Михаил Пришвин. 1918 (13)

Михаил Пришвин. 1918 (1)

24 Июля. Русский народ по приказанию Троцкого снимает возле Храма Христа Спасителя безобразнейшее изваяние царя Александра III. Вокруг множество цветов и культурных деревьев, кремлевские башни-красавицы, из которых одна, со снесенной верхушкой, называется «большевистскою».

Царская фигура одевается изо дня в день лесами, человечек наверху возле короны копается, как лилипут. Статуя 1000 пудов веса, в туловище можно устроить спальню и кабинет, в сапоге выспаться человеку. На работу отпущено 20 тысяч денег. Раз уже пробовали снять его и не могли, теперь делают это планомерно под руководством архитектора, который дознался, что царь «составной». Вокруг шеи царя петля, канат спускается книзу, за концы привязывают мачты и поднимают кверху. Общее впечатление такое, что вся масса лилипутов хочет царя удавить.

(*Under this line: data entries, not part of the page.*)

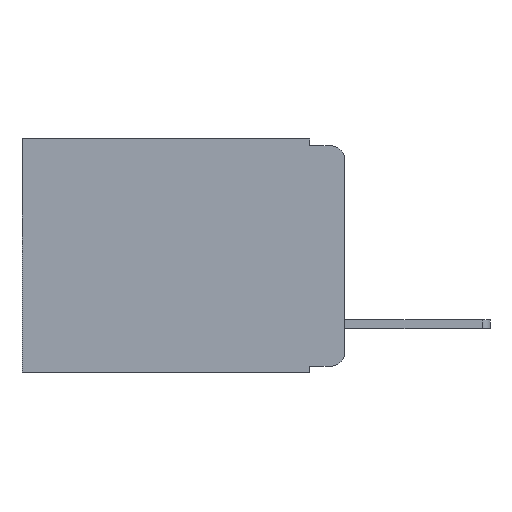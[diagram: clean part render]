
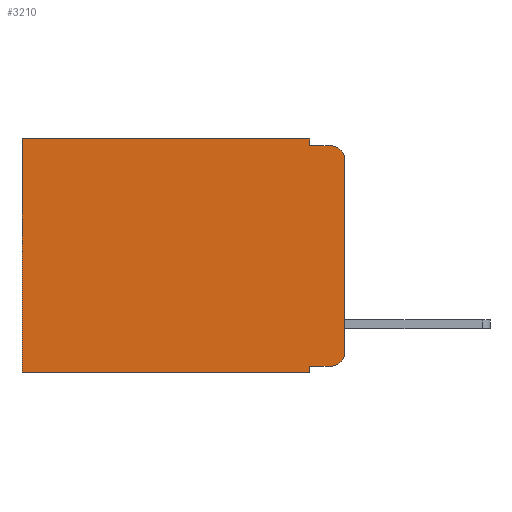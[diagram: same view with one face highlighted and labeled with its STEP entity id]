
A CAD part, left-side view. The second image highlights one B-rep face of the part: STEP entity #3210.
In plain terms, the highlighted planar face has unit normal (-1, 0, 0).
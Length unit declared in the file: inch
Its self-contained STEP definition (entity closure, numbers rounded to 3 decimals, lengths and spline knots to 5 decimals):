
#329 = ORIENTED_EDGE ( 'NONE', *, *, #6118, .T. ) ;
#747 = VERTEX_POINT ( 'NONE', #6597 ) ;
#798 = ORIENTED_EDGE ( 'NONE', *, *, #7005, .F. ) ;
#981 = DIRECTION ( 'NONE',  ( 0., 0., -1. ) ) ;
#1131 = LINE ( 'NONE', #3052, #11477 ) ;
#1171 = VERTEX_POINT ( 'NONE', #14665 ) ;
#1192 = DIRECTION ( 'NONE',  ( 0., 0., -1. ) ) ;
#1352 = DIRECTION ( 'NONE',  ( 0., 1., 0. ) ) ;
#1568 = VECTOR ( 'NONE', #981, 39.37008 ) ;
#1901 = VECTOR ( 'NONE', #5863, 39.37008 ) ;
#1966 = DIRECTION ( 'NONE',  ( -1., 0., 0. ) ) ;
#2011 = LINE ( 'NONE', #13183, #1568 ) ;
#2070 = DIRECTION ( 'NONE',  ( 0., -1., 0. ) ) ;
#2129 = CARTESIAN_POINT ( 'NONE',  ( 0.298, 0.02, -0.03 ) ) ;
#2144 = CARTESIAN_POINT ( 'NONE',  ( 0.298, 0.473, -0.343 ) ) ;
#2473 = VECTOR ( 'NONE', #2070, 39.37008 ) ;
#2561 = VERTEX_POINT ( 'NONE', #9913 ) ;
#2797 = DIRECTION ( 'NONE',  ( 0., -1., 0. ) ) ;
#3052 = CARTESIAN_POINT ( 'NONE',  ( 0.298, 0.051, 0. ) ) ;
#3210 = ADVANCED_FACE ( 'NONE', ( #14722 ), #9632, .F. ) ;
#3303 = CARTESIAN_POINT ( 'NONE',  ( 0.298, 0.02, -0.313 ) ) ;
#3344 = EDGE_CURVE ( 'NONE', #9361, #1171, #15693, .T. ) ;
#3514 = DIRECTION ( 'NONE',  ( 0., 0., -1. ) ) ;
#4251 = EDGE_CURVE ( 'NONE', #2561, #1171, #12303, .T. ) ;
#4436 = AXIS2_PLACEMENT_3D ( 'NONE', #2129, #1966, #3514 ) ;
#4647 = VERTEX_POINT ( 'NONE', #9723 ) ;
#4684 = DIRECTION ( 'NONE',  ( 0., 0., -1. ) ) ;
#5188 = EDGE_CURVE ( 'NONE', #12633, #2561, #1131, .T. ) ;
#5487 = VECTOR ( 'NONE', #7988, 39.37008 ) ;
#5863 = DIRECTION ( 'NONE',  ( 0., 0., -1. ) ) ;
#6118 = EDGE_CURVE ( 'NONE', #11728, #15267, #15860, .T. ) ;
#6186 = DIRECTION ( 'NONE',  ( 0., 0., -1. ) ) ;
#6189 = DIRECTION ( 'NONE',  ( 1., 0., 0. ) ) ;
#6198 = CARTESIAN_POINT ( 'NONE',  ( 0.298, 0.473, 0. ) ) ;
#6597 = CARTESIAN_POINT ( 'NONE',  ( 0.298, 0., -0.313 ) ) ;
#6918 = CARTESIAN_POINT ( 'NONE',  ( 0.298, 0.473, 0. ) ) ;
#7005 = EDGE_CURVE ( 'NONE', #10765, #13505, #2011, .T. ) ;
#7257 = ORIENTED_EDGE ( 'NONE', *, *, #5188, .F. ) ;
#7891 = LINE ( 'NONE', #10823, #14001 ) ;
#7988 = DIRECTION ( 'NONE',  ( 0., 0., -1. ) ) ;
#8004 = CARTESIAN_POINT ( 'NONE',  ( 0.298, 0., -0.03 ) ) ;
#8144 = DIRECTION ( 'NONE',  ( 0., 1., 0. ) ) ;
#8790 = EDGE_CURVE ( 'NONE', #10765, #4647, #7891, .T. ) ;
#9247 = VECTOR ( 'NONE', #1352, 39.37008 ) ;
#9361 = VERTEX_POINT ( 'NONE', #8004 ) ;
#9418 = AXIS2_PLACEMENT_3D ( 'NONE', #3303, #12614, #4684 ) ;
#9472 = CARTESIAN_POINT ( 'NONE',  ( 0.298, 0., -0.343 ) ) ;
#9632 = PLANE ( 'NONE',  #13619 ) ;
#9657 = EDGE_CURVE ( 'NONE', #4647, #747, #10943, .T. ) ;
#9723 = CARTESIAN_POINT ( 'NONE',  ( 0.298, 0.02, -0.333 ) ) ;
#9913 = CARTESIAN_POINT ( 'NONE',  ( 0.298, 0.051, -0.01 ) ) ;
#10765 = VERTEX_POINT ( 'NONE', #15559 ) ;
#10823 = CARTESIAN_POINT ( 'NONE',  ( 0.298, 0.051, -0.333 ) ) ;
#10943 = CIRCLE ( 'NONE', #9418, 0.02 ) ;
#11310 = CARTESIAN_POINT ( 'NONE',  ( 0.298, 0.051, -0.343 ) ) ;
#11334 = CARTESIAN_POINT ( 'NONE',  ( 0.298, 0.051, -0.01 ) ) ;
#11477 = VECTOR ( 'NONE', #1192, 39.37008 ) ;
#11728 = VERTEX_POINT ( 'NONE', #6198 ) ;
#12127 = CARTESIAN_POINT ( 'NONE',  ( 0.298, 0.051, 0. ) ) ;
#12303 = LINE ( 'NONE', #11334, #2473 ) ;
#12614 = DIRECTION ( 'NONE',  ( -1., 0., 0. ) ) ;
#12633 = VERTEX_POINT ( 'NONE', #12127 ) ;
#12708 = LINE ( 'NONE', #9472, #9247 ) ;
#12886 = VECTOR ( 'NONE', #8144, 39.37008 ) ;
#13183 = CARTESIAN_POINT ( 'NONE',  ( 0.298, 0.051, 0. ) ) ;
#13288 = LINE ( 'NONE', #14589, #12886 ) ;
#13355 = ORIENTED_EDGE ( 'NONE', *, *, #13443, .F. ) ;
#13443 = EDGE_CURVE ( 'NONE', #9361, #747, #15927, .T. ) ;
#13505 = VERTEX_POINT ( 'NONE', #11310 ) ;
#13619 = AXIS2_PLACEMENT_3D ( 'NONE', #14271, #6189, #6186 ) ;
#13657 = EDGE_LOOP ( 'NONE', ( #13355, #13749, #17115, #7257, #14160, #329, #14554, #798, #14959, #15729 ) ) ;
#13749 = ORIENTED_EDGE ( 'NONE', *, *, #3344, .T. ) ;
#13754 = CARTESIAN_POINT ( 'NONE',  ( 0.298, 0., 0. ) ) ;
#14001 = VECTOR ( 'NONE', #2797, 39.37008 ) ;
#14160 = ORIENTED_EDGE ( 'NONE', *, *, #15499, .T. ) ;
#14271 = CARTESIAN_POINT ( 'NONE',  ( 0.298, 0., 0. ) ) ;
#14554 = ORIENTED_EDGE ( 'NONE', *, *, #14944, .F. ) ;
#14589 = CARTESIAN_POINT ( 'NONE',  ( 0.298, 0., 0. ) ) ;
#14665 = CARTESIAN_POINT ( 'NONE',  ( 0.298, 0.02, -0.01 ) ) ;
#14722 = FACE_OUTER_BOUND ( 'NONE', #13657, .T. ) ;
#14944 = EDGE_CURVE ( 'NONE', #13505, #15267, #12708, .T. ) ;
#14959 = ORIENTED_EDGE ( 'NONE', *, *, #8790, .T. ) ;
#15267 = VERTEX_POINT ( 'NONE', #2144 ) ;
#15499 = EDGE_CURVE ( 'NONE', #12633, #11728, #13288, .T. ) ;
#15559 = CARTESIAN_POINT ( 'NONE',  ( 0.298, 0.051, -0.333 ) ) ;
#15693 = CIRCLE ( 'NONE', #4436, 0.02 ) ;
#15729 = ORIENTED_EDGE ( 'NONE', *, *, #9657, .T. ) ;
#15860 = LINE ( 'NONE', #6918, #5487 ) ;
#15927 = LINE ( 'NONE', #13754, #1901 ) ;
#17115 = ORIENTED_EDGE ( 'NONE', *, *, #4251, .F. ) ;

Действующие лица: малый лет 22-х – нигилист, рабочий лет за 40, говорит на «о», с севера, монах, буржуй с Москворечья, женщина-крикунья, немец, всякий черный люд, все они сходятся с разных сторон, высказывают что-нибудь по поводу царя, некоторые фигуры внезапно появляются со стороны Москвы-реки из-под низу с лесенки.

Рабочие на отдыхе:

– Нужно командира такого выбрать, чтобы нет ничего и никаких (не царя).

– Что же, Ленин не командир?

– Ленин? свергаем, статуя ставили, нам командир такой нужен, чтобы нет ничего и никаких.

Из толпы:

– Ленин! а кто у нас теперь сыт, кто не ограблен?

Музыка играет марш похоронный, показывается вдали белая катафалка.

– Что это белое, попы или девушки?

– Гроб везут – какие попы.

– Без попов? Ну, так комиссара хоронят.

– Гогнулся комиссар!

– Подсолнух!

Нигилист:

– Конечно, подсолнух, в реку его и никаких, нет ничего и никаких, а они еще музыку разводят.

Рабочий за 40 лет:

– Товарищ, нишь можно так, это выходит статуй, и нет ничего.

– А я что говорю: чтобы никаких, а то говорят: управляющие, мы управляющие, и тоже бьют, нишь не бьют?

– Так это всегда было: и раньше били, и теперь бьют, и всегда будут нашего брата бить, потому что без этого нельзя.

– Ничего не нужно: к стенке – и готово, или трехдюймовку поставим.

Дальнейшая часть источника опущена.